In general, the situation is as follows. In everyday life, as well as in ordinary (and often formal) law, we use the concept of property rights and boundaries, which helps us coexist peacefully and mutually enrich each other. Within this framework, independent owners act and interact. The state needs, on the one hand, to exercise taxation, that is, to perform actions that only an owner can perform with his property; on the other hand, it needs to obtain consent for taxation, for which it must maintain the existing concept of boundaries in society. These tasks contradict each other. All the legal and juridical confusion on issues of “personal rights” and “property rights” is caused by this fundamental contradiction. In ideology and philosophy, we simply attempt to hide this contradiction through the substitution of “violence” for aggression and defense.
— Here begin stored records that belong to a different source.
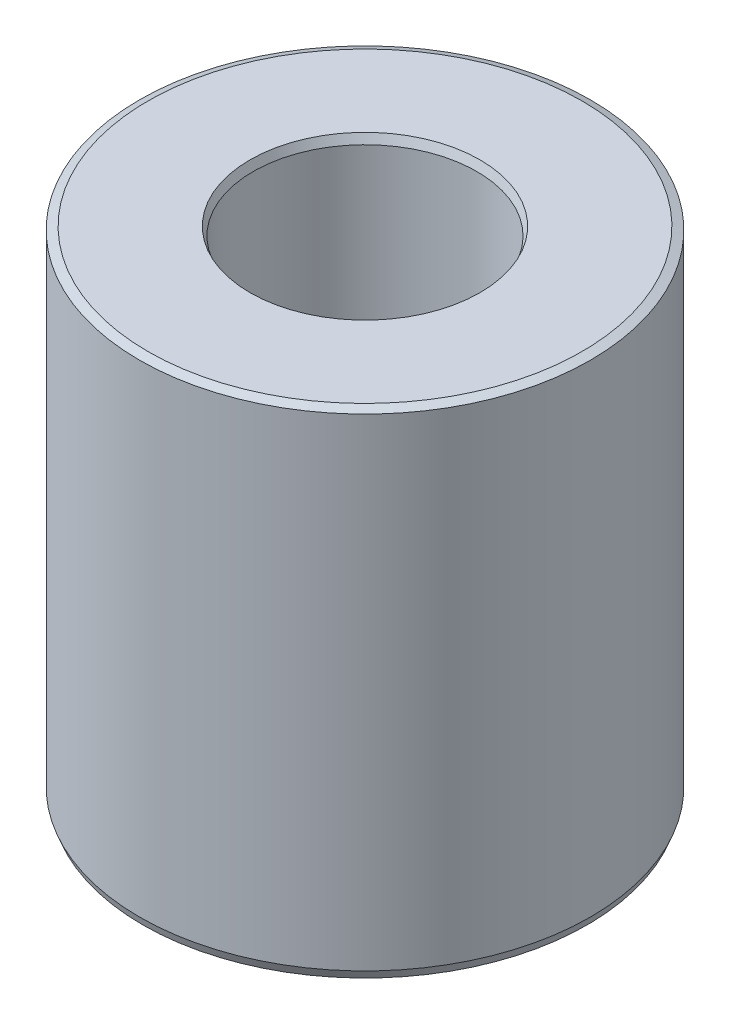
ISO-10303-21;
HEADER;
FILE_DESCRIPTION(('STEP AP214'),'2;1');
FILE_NAME('part.step','',(''),(''),'','','');
FILE_SCHEMA(('AUTOMOTIVE_DESIGN { 1 0 10303 214 1 1 1 1 }'));
ENDSEC;
DATA;
#1=APPLICATION_CONTEXT('core data for automotive mechanical design processes');
#2=APPLICATION_PROTOCOL_DEFINITION('international standard','automotive_design',2000,#1);
#3=PRODUCT_CONTEXT('',#1,'mechanical');
#4=PRODUCT('Part','Part','',(#3));
#5=PRODUCT_RELATED_PRODUCT_CATEGORY('part','',(#4));
#6=PRODUCT_DEFINITION_FORMATION('','',#4);
#7=PRODUCT_DEFINITION_CONTEXT('part definition',#1,'design');
#8=PRODUCT_DEFINITION('design','',#6,#7);
#9=PRODUCT_DEFINITION_SHAPE('','',#8);
#10=(LENGTH_UNIT() NAMED_UNIT(*) SI_UNIT(.MILLI.,.METRE.));
#11=(NAMED_UNIT(*) PLANE_ANGLE_UNIT() SI_UNIT($,.RADIAN.));
#12=(NAMED_UNIT(*) SI_UNIT($,.STERADIAN.) SOLID_ANGLE_UNIT());
#13=UNCERTAINTY_MEASURE_WITH_UNIT(LENGTH_MEASURE(1.E-05),#10,'distance_accuracy_value','');
#14=(GEOMETRIC_REPRESENTATION_CONTEXT(3) GLOBAL_UNCERTAINTY_ASSIGNED_CONTEXT((#13)) GLOBAL_UNIT_ASSIGNED_CONTEXT((#10,
#11,#12)) REPRESENTATION_CONTEXT('',''));
#15=CARTESIAN_POINT('',(0.,0.,0.));
#16=DIRECTION('',(0.,0.,1.));
#17=DIRECTION('',(1.,0.,0.));
#18=AXIS2_PLACEMENT_3D('',#15,#16,#17);
#19=CARTESIAN_POINT('',(0.,104.050931708156,0.));
#20=DIRECTION('',(0.,-1.,0.));
#21=DIRECTION('',(0.,0.,-1.));
#22=AXIS2_PLACEMENT_3D('',#19,#20,#21);
#23=CYLINDRICAL_SURFACE('',#22,47.5);
#24=CARTESIAN_POINT('',(0.,1.77992751208642,0.));
#25=DIRECTION('',(0.,1.,0.));
#26=DIRECTION('',(0.,0.,1.));
#27=AXIS2_PLACEMENT_3D('',#24,#25,#26);
#28=CIRCLE('',#27,47.5);
#29=CARTESIAN_POINT('',(0.,1.77992751208642,47.5));
#30=VERTEX_POINT('',#29);
#31=EDGE_CURVE('E10',#30,#30,#28,.T.);
#32=ORIENTED_EDGE('',*,*,#31,.T.);
#33=EDGE_LOOP('',(#32));
#34=FACE_BOUND('',#33,.T.);
#35=CARTESIAN_POINT('',(0.,103.366580565094,0.));
#36=DIRECTION('',(0.,1.,0.));
#37=DIRECTION('',(0.,0.,1.));
#38=AXIS2_PLACEMENT_3D('',#35,#36,#37);
#39=CIRCLE('',#38,47.5);
#40=CARTESIAN_POINT('',(0.,103.366580565094,47.5));
#41=VERTEX_POINT('',#40);
#42=EDGE_CURVE('E50',#41,#41,#39,.F.);
#43=ORIENTED_EDGE('',*,*,#42,.T.);
#44=EDGE_LOOP('',(#43));
#45=FACE_BOUND('',#44,.T.);
#46=ADVANCED_FACE('F39',(#34,#45),#23,.T.);
#47=CARTESIAN_POINT('',(0.,104.050931708156,0.));
#48=DIRECTION('',(0.,1.,0.));
#49=DIRECTION('',(0.,0.,1.));
#50=AXIS2_PLACEMENT_3D('',#47,#48,#49);
#51=PLANE('',#50);
#52=CARTESIAN_POINT('',(0.,104.050931708156,0.));
#53=DIRECTION('',(0.,1.,0.));
#54=DIRECTION('',(0.,0.,1.));
#55=AXIS2_PLACEMENT_3D('',#52,#53,#54);
#56=CIRCLE('',#55,24.2334809256156);
#57=CARTESIAN_POINT('',(0.,104.050931708156,24.2334809256156));
#58=VERTEX_POINT('',#57);
#59=EDGE_CURVE('E58',#58,#58,#56,.F.);
#60=ORIENTED_EDGE('',*,*,#59,.T.);
#61=EDGE_LOOP('',(#60));
#62=FACE_BOUND('',#61,.T.);
#63=CARTESIAN_POINT('',(0.,104.050931708156,0.));
#64=DIRECTION('',(0.,1.,0.));
#65=DIRECTION('',(0.,0.,1.));
#66=AXIS2_PLACEMENT_3D('',#63,#64,#65);
#67=CIRCLE('',#66,45.7200724879134);
#68=CARTESIAN_POINT('',(0.,104.050931708156,45.7200724879134));
#69=VERTEX_POINT('',#68);
#70=EDGE_CURVE('E61',#69,#69,#67,.T.);
#71=ORIENTED_EDGE('',*,*,#70,.T.);
#72=EDGE_LOOP('',(#71));
#73=FACE_BOUND('',#72,.T.);
#74=ADVANCED_FACE('F88',(#62,#73),#51,.T.);
#75=CARTESIAN_POINT('',(0.,0.,0.));
#76=DIRECTION('',(0.,1.,0.));
#77=DIRECTION('',(0.,0.,1.));
#78=AXIS2_PLACEMENT_3D('',#75,#76,#77);
#79=PLANE('',#78);
#80=CARTESIAN_POINT('',(0.,0.,0.));
#81=DIRECTION('',(0.,1.,0.));
#82=DIRECTION('',(0.,0.,1.));
#83=AXIS2_PLACEMENT_3D('',#80,#81,#82);
#84=CIRCLE('',#83,25.3290572946398);
#85=CARTESIAN_POINT('',(0.,0.,25.3290572946398));
#86=VERTEX_POINT('',#85);
#87=EDGE_CURVE('E51',#86,#86,#84,.T.);
#88=ORIENTED_EDGE('',*,*,#87,.T.);
#89=EDGE_LOOP('',(#88));
#90=FACE_BOUND('',#89,.T.);
#91=CARTESIAN_POINT('',(0.,0.,0.));
#92=DIRECTION('',(0.,1.,0.));
#93=DIRECTION('',(0.,0.,1.));
#94=AXIS2_PLACEMENT_3D('',#91,#92,#93);
#95=CIRCLE('',#94,46.8156488569377);
#96=CARTESIAN_POINT('',(0.,0.,46.8156488569377));
#97=VERTEX_POINT('',#96);
#98=EDGE_CURVE('E54',#97,#97,#95,.F.);
#99=ORIENTED_EDGE('',*,*,#98,.T.);
#100=EDGE_LOOP('',(#99));
#101=FACE_BOUND('',#100,.T.);
#102=ADVANCED_FACE('F83',(#90,#101),#79,.F.);
#103=CARTESIAN_POINT('',(0.,104.050931708156,0.));
#104=DIRECTION('',(0.,-1.,0.));
#105=DIRECTION('',(0.,0.,-1.));
#106=AXIS2_PLACEMENT_3D('',#103,#104,#105);
#107=CYLINDRICAL_SURFACE('',#106,23.5491297825532);
#108=CARTESIAN_POINT('',(0.,102.27100419607,0.));
#109=DIRECTION('',(0.,1.,0.));
#110=DIRECTION('',(0.,0.,1.));
#111=AXIS2_PLACEMENT_3D('',#108,#109,#110);
#112=CIRCLE('',#111,23.5491297825532);
#113=CARTESIAN_POINT('',(0.,102.27100419607,23.5491297825532));
#114=VERTEX_POINT('',#113);
#115=EDGE_CURVE('E67',#114,#114,#112,.T.);
#116=ORIENTED_EDGE('',*,*,#115,.T.);
#117=EDGE_LOOP('',(#116));
#118=FACE_BOUND('',#117,.T.);
#119=CARTESIAN_POINT('',(0.,0.684351143062381,0.));
#120=DIRECTION('',(0.,1.,0.));
#121=DIRECTION('',(0.,0.,1.));
#122=AXIS2_PLACEMENT_3D('',#119,#120,#121);
#123=CIRCLE('',#122,23.5491297825532);
#124=CARTESIAN_POINT('',(0.,0.684351143062381,23.5491297825532));
#125=VERTEX_POINT('',#124);
#126=EDGE_CURVE('E69',#125,#125,#123,.F.);
#127=ORIENTED_EDGE('',*,*,#126,.T.);
#128=EDGE_LOOP('',(#127));
#129=FACE_BOUND('',#128,.T.);
#130=ADVANCED_FACE('F71',(#118,#129),#107,.F.);
#131=CARTESIAN_POINT('',(0.,102.27100419607,0.));
#132=DIRECTION('',(0.,1.,0.));
#133=DIRECTION('',(0.,0.,1.));
#134=AXIS2_PLACEMENT_3D('',#131,#132,#133);
#135=CONICAL_SURFACE('',#134,23.5491297825532,0.367058148332036);
#136=ORIENTED_EDGE('',*,*,#59,.F.);
#137=EDGE_LOOP('',(#136));
#138=FACE_BOUND('',#137,.T.);
#139=ORIENTED_EDGE('',*,*,#115,.F.);
#140=EDGE_LOOP('',(#139));
#141=FACE_BOUND('',#140,.T.);
#142=ADVANCED_FACE('F77',(#138,#141),#135,.F.);
#143=CARTESIAN_POINT('',(0.,0.,0.));
#144=DIRECTION('',(0.,-1.,0.));
#145=DIRECTION('',(0.,0.,-1.));
#146=AXIS2_PLACEMENT_3D('',#143,#144,#145);
#147=CONICAL_SURFACE('',#146,25.3290572946398,1.20373817846286);
#148=ORIENTED_EDGE('',*,*,#126,.F.);
#149=EDGE_LOOP('',(#148));
#150=FACE_BOUND('',#149,.T.);
#151=ORIENTED_EDGE('',*,*,#87,.F.);
#152=EDGE_LOOP('',(#151));
#153=FACE_BOUND('',#152,.T.);
#154=ADVANCED_FACE('F73',(#150,#153),#147,.F.);
#155=CARTESIAN_POINT('',(0.,1.77992751208642,0.));
#156=DIRECTION('',(0.,1.,0.));
#157=DIRECTION('',(0.,0.,1.));
#158=AXIS2_PLACEMENT_3D('',#155,#156,#157);
#159=CONICAL_SURFACE('',#158,47.5,0.367058148332039);
#160=CARTESIAN_POINT('',(0.,0.,46.8156488569377));
#161=CARTESIAN_POINT('',(0.,0.0185409115842333,46.8227775146779));
#162=CARTESIAN_POINT('',(0.,0.0370818231684668,46.8299061724182));
#163=CARTESIAN_POINT('',(0.,0.0741636463369337,46.8441634878986));
#164=CARTESIAN_POINT('',(0.,0.0927045579211673,46.8512921456389));
#165=CARTESIAN_POINT('',(0.,0.129786381089634,46.8655494611193));
#166=CARTESIAN_POINT('',(0.,0.148327292673868,46.8726781188596));
#167=CARTESIAN_POINT('',(0.,0.185409115842335,46.88693543434));
#168=CARTESIAN_POINT('',(0.,0.203950027426568,46.8940640920802));
#169=CARTESIAN_POINT('',(0.,0.241031850595035,46.9083214075607));
#170=CARTESIAN_POINT('',(0.,0.259572762179269,46.915450065301));
#171=CARTESIAN_POINT('',(0.,0.296654585347736,46.9297073807814));
#172=CARTESIAN_POINT('',(0.,0.315195496931969,46.9368360385216));
#173=CARTESIAN_POINT('',(0.,0.352277320100436,46.9510933540021));
#174=CARTESIAN_POINT('',(0.,0.37081823168467,46.9582220117423));
#175=CARTESIAN_POINT('',(0.,0.407900054853137,46.9724793272228));
#176=CARTESIAN_POINT('',(0.,0.42644096643737,46.979607984963));
#177=CARTESIAN_POINT('',(0.,0.463522789605837,46.9938653004435));
#178=CARTESIAN_POINT('',(0.,0.482063701190071,47.0009939581837));
#179=CARTESIAN_POINT('',(0.,0.519145524358538,47.0152512736642));
#180=CARTESIAN_POINT('',(0.,0.537686435942771,47.0223799314044));
#181=CARTESIAN_POINT('',(0.,0.574768259111238,47.0366372468849));
#182=CARTESIAN_POINT('',(0.,0.593309170695472,47.0437659046251));
#183=CARTESIAN_POINT('',(0.,0.630390993863939,47.0580232201056));
#184=CARTESIAN_POINT('',(0.,0.648931905448172,47.0651518778458));
#185=CARTESIAN_POINT('',(0.,0.686013728616639,47.0794091933263));
#186=CARTESIAN_POINT('',(0.,0.704554640200873,47.0865378510665));
#187=CARTESIAN_POINT('',(0.,0.74163646336934,47.100795166547));
#188=CARTESIAN_POINT('',(0.,0.760177374953573,47.1079238242872));
#189=CARTESIAN_POINT('',(0.,0.79725919812204,47.1221811397677));
#190=CARTESIAN_POINT('',(0.,0.815800109706274,47.1293097975079));
#191=CARTESIAN_POINT('',(0.,0.852881932874741,47.1435671129884));
#192=CARTESIAN_POINT('',(0.,0.871422844458974,47.1506957707286));
#193=CARTESIAN_POINT('',(0.,0.908504667627441,47.1649530862091));
#194=CARTESIAN_POINT('',(0.,0.927045579211675,47.1720817439493));
#195=CARTESIAN_POINT('',(0.,0.964127402380142,47.1863390594298));
#196=CARTESIAN_POINT('',(0.,0.982668313964375,47.19346771717));
#197=CARTESIAN_POINT('',(0.,1.01975013713284,47.2077250326505));
#198=CARTESIAN_POINT('',(0.,1.03829104871708,47.2148536903907));
#199=CARTESIAN_POINT('',(0.,1.07537287188554,47.2291110058712));
#200=CARTESIAN_POINT('',(0.,1.09391378346978,47.2362396636114));
#201=CARTESIAN_POINT('',(0.,1.13099560663824,47.2504969790919));
#202=CARTESIAN_POINT('',(0.,1.14953651822248,47.2576256368321));
#203=CARTESIAN_POINT('',(0.,1.18661834139094,47.2718829523126));
#204=CARTESIAN_POINT('',(0.,1.20515925297518,47.2790116100528));
#205=CARTESIAN_POINT('',(0.,1.24224107614364,47.2932689255333));
#206=CARTESIAN_POINT('',(0.,1.26078198772788,47.3003975832735));
#207=CARTESIAN_POINT('',(0.,1.29786381089634,47.314654898754));
#208=CARTESIAN_POINT('',(0.,1.31640472248058,47.3217835564942));
#209=CARTESIAN_POINT('',(0.,1.35348654564905,47.3360408719747));
#210=CARTESIAN_POINT('',(0.,1.37202745723328,47.3431695297149));
#211=CARTESIAN_POINT('',(0.,1.40910928040175,47.3574268451954));
#212=CARTESIAN_POINT('',(0.,1.42765019198598,47.3645555029356));
#213=CARTESIAN_POINT('',(0.,1.46473201515445,47.3788128184161));
#214=CARTESIAN_POINT('',(0.,1.48327292673868,47.3859414761563));
#215=CARTESIAN_POINT('',(0.,1.52035474990715,47.4001987916368));
#216=CARTESIAN_POINT('',(0.,1.53889566149138,47.407327449377));
#217=CARTESIAN_POINT('',(0.,1.57597748465985,47.4215847648574));
#218=CARTESIAN_POINT('',(0.,1.59451839624408,47.4287134225977));
#219=CARTESIAN_POINT('',(0.,1.63160021941255,47.4429707380781));
#220=CARTESIAN_POINT('',(0.,1.65014113099678,47.4500993958184));
#221=CARTESIAN_POINT('',(0.,1.68722295416525,47.4643567112988));
#222=CARTESIAN_POINT('',(0.,1.70576386574948,47.4714853690391));
#223=CARTESIAN_POINT('',(0.,1.74284568891795,47.4857426845195));
#224=CARTESIAN_POINT('',(0.,1.76138660050218,47.4928713422598));
#225=CARTESIAN_POINT('',(0.,1.77992751208642,47.5));
#226=B_SPLINE_CURVE_WITH_KNOTS('',3,(#160,#161,#162,#163,#164,#165,#166,#167,#168,#169,#170,
#171,#172,#173,#174,#175,#176,#177,#178,#179,#180,#181,#182,#183,#184,#185,#186,#187,#188,#189,
#190,#191,#192,#193,#194,#195,#196,#197,#198,#199,#200,#201,#202,#203,#204,#205,#206,#207,#208,
#209,#210,#211,#212,#213,#214,#215,#216,#217,#218,#219,#220,#221,#222,#223,#224,#225),
.UNSPECIFIED.,.F.,.F.,(4,2,2,2,2,2,2,2,2,2,2,2,2,2,2,2,2,2,2,2,2,2,2,2,2,2,2,2,2,2,2,2,4),(0.,
0.0595923524620874,0.119184704924175,0.178777057386262,0.23836940984835,0.297961762310437,
0.357554114772524,0.417146467234612,0.476738819696699,0.536331172158787,0.595923524620874,
0.655515877082962,0.715108229545049,0.774700582007137,0.834292934469224,0.893885286931311,
0.953477639393399,1.01306999185549,1.07266234431757,1.13225469677966,1.19184704924175,
1.25143940170384,1.31103175416592,1.37062410662801,1.4302164590901,1.48980881155218,
1.54940116401427,1.60899351647636,1.66858586893845,1.72817822140053,1.78777057386262,
1.84736292632471,1.9069552787868),.UNSPECIFIED.);
#227=EDGE_CURVE('BSEAM76',#97,#30,#226,.T.);
#228=ORIENTED_EDGE('',*,*,#98,.F.);
#229=ORIENTED_EDGE('',*,*,#31,.F.);
#230=ORIENTED_EDGE('',*,*,#227,.T.);
#231=ORIENTED_EDGE('',*,*,#227,.F.);
#232=EDGE_LOOP('',(#228,#230,#229,#231));
#233=FACE_BOUND('',#232,.T.);
#234=ADVANCED_FACE('F76',(#233),#159,.T.);
#235=CARTESIAN_POINT('',(0.,104.050931708156,0.));
#236=DIRECTION('',(0.,-1.,0.));
#237=DIRECTION('',(0.,0.,-1.));
#238=AXIS2_PLACEMENT_3D('',#235,#236,#237);
#239=CONICAL_SURFACE('',#238,45.7200724879134,1.20373817846286);
#240=ORIENTED_EDGE('',*,*,#42,.F.);
#241=EDGE_LOOP('',(#240));
#242=FACE_BOUND('',#241,.T.);
#243=ORIENTED_EDGE('',*,*,#70,.F.);
#244=EDGE_LOOP('',(#243));
#245=FACE_BOUND('',#244,.T.);
#246=ADVANCED_FACE('F45',(#242,#245),#239,.T.);
#247=CLOSED_SHELL('',(#46,#74,#102,#130,#142,#154,#234,#246));
#248=MANIFOLD_SOLID_BREP('B2',#247);
#249=ADVANCED_BREP_SHAPE_REPRESENTATION('',(#18,#248),#14);
#250=SHAPE_DEFINITION_REPRESENTATION(#9,#249);
ENDSEC;
END-ISO-10303-21;

P.S. I will note that the dispute over which word is more correct to denote an act of encroachment on property rights—“aggression” or “violence”—is purely aesthetic in nature. I call this act aggression, due to the libertarian tradition and the fact that the word “violence” is used in statist concepts that justify aggression. In this case, what matters is not which specific word is used, but that there are two different phenomena—violation of boundaries and the characteristic of this violation—and that two different words are needed to denote them, not one, as is currently the case.